**TASK INSTRUCTIONS**: From the data that follows, print exactly the lines starting at the one containing "#48=VERTEX_POINT('',#47);" and ending at the one containing "#54=LINE('',#53,#52);"; include both of them and nothing more.

Stored data:
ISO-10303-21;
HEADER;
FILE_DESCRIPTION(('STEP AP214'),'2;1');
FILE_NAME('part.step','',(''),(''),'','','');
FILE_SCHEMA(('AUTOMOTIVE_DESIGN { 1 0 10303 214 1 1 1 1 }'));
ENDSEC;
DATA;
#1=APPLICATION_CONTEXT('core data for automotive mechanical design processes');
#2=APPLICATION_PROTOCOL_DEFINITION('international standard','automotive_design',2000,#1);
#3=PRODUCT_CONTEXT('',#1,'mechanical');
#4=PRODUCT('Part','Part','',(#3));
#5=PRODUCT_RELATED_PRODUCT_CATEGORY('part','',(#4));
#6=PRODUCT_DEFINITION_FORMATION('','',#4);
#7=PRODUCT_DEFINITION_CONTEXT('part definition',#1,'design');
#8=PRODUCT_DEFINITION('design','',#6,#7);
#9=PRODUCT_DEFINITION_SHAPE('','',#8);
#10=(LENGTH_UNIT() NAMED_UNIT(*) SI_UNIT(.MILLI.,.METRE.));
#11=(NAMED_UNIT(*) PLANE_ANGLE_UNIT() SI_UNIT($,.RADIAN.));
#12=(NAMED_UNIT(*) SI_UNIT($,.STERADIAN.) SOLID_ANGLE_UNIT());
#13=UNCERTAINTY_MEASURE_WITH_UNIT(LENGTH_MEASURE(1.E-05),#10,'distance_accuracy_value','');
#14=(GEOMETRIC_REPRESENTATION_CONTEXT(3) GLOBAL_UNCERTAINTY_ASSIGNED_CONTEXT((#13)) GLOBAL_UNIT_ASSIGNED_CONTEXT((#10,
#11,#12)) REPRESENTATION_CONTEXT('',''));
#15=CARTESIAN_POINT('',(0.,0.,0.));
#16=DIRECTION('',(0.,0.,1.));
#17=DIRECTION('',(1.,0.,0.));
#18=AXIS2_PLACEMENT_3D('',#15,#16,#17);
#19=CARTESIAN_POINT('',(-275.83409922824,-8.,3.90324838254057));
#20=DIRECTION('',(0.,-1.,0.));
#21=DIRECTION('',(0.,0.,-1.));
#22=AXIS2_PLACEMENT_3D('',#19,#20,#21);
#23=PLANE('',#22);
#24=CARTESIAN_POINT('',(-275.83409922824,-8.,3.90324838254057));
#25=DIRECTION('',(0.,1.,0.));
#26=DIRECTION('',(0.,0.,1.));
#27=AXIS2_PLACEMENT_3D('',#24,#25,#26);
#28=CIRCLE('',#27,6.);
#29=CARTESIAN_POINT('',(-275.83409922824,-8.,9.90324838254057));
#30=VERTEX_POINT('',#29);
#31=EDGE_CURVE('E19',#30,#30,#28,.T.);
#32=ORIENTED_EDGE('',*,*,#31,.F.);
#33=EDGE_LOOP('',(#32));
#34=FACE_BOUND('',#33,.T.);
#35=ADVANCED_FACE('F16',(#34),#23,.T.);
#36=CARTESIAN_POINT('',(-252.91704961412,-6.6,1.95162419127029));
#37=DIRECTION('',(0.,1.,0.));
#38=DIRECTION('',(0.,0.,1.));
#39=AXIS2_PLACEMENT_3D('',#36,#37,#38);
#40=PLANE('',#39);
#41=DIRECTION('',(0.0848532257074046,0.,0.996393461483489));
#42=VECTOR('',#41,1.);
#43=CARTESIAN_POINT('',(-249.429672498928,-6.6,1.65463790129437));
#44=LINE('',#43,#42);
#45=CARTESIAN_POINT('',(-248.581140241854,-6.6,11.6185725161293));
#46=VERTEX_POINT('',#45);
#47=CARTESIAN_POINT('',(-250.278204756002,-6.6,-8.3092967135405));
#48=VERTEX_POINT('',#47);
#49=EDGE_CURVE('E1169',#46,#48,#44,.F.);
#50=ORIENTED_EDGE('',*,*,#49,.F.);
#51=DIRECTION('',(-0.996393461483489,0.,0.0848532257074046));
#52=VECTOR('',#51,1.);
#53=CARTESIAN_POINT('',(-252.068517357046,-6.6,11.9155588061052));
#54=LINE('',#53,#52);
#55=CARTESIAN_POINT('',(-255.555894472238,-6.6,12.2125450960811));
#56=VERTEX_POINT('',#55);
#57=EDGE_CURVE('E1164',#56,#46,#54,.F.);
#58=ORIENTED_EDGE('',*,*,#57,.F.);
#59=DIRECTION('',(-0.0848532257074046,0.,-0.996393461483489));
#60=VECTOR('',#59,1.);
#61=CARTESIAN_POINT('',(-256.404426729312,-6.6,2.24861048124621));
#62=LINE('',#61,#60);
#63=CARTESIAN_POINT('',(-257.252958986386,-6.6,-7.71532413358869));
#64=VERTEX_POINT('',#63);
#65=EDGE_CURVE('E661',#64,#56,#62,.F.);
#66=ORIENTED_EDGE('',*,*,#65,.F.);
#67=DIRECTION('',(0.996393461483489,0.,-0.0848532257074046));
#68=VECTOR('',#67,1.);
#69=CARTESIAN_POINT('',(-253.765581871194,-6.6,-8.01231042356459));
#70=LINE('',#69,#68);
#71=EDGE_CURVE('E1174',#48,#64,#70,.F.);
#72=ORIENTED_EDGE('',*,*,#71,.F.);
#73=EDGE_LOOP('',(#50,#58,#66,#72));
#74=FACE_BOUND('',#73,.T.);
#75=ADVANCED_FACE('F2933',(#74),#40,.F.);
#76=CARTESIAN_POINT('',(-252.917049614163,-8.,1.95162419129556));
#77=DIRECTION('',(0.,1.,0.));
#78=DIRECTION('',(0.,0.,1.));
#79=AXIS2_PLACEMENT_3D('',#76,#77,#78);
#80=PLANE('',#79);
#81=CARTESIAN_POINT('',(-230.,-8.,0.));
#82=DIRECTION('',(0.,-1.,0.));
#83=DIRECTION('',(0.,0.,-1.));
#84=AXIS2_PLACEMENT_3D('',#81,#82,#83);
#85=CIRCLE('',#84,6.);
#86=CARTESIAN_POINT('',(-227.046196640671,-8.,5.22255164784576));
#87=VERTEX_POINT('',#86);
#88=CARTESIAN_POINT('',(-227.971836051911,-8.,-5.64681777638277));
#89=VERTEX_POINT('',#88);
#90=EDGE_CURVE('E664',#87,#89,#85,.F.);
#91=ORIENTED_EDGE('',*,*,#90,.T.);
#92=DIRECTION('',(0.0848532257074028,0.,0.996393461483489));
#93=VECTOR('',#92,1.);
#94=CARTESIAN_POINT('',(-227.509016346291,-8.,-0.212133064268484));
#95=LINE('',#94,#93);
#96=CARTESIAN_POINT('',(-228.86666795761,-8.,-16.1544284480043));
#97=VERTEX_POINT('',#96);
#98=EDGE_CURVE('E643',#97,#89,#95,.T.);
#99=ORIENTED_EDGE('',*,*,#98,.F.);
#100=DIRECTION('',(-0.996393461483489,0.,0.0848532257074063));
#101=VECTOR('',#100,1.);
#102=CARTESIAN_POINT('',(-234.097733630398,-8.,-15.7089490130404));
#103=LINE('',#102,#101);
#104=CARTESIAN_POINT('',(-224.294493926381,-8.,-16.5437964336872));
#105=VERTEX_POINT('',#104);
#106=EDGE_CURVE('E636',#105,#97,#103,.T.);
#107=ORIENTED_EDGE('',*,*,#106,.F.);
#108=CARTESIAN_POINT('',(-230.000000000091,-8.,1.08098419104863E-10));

**OUTPUT**:
#48=VERTEX_POINT('',#47);
#49=EDGE_CURVE('E1169',#46,#48,#44,.F.);
#50=ORIENTED_EDGE('',*,*,#49,.F.);
#51=DIRECTION('',(-0.996393461483489,0.,0.0848532257074046));
#52=VECTOR('',#51,1.);
#53=CARTESIAN_POINT('',(-252.068517357046,-6.6,11.9155588061052));
#54=LINE('',#53,#52);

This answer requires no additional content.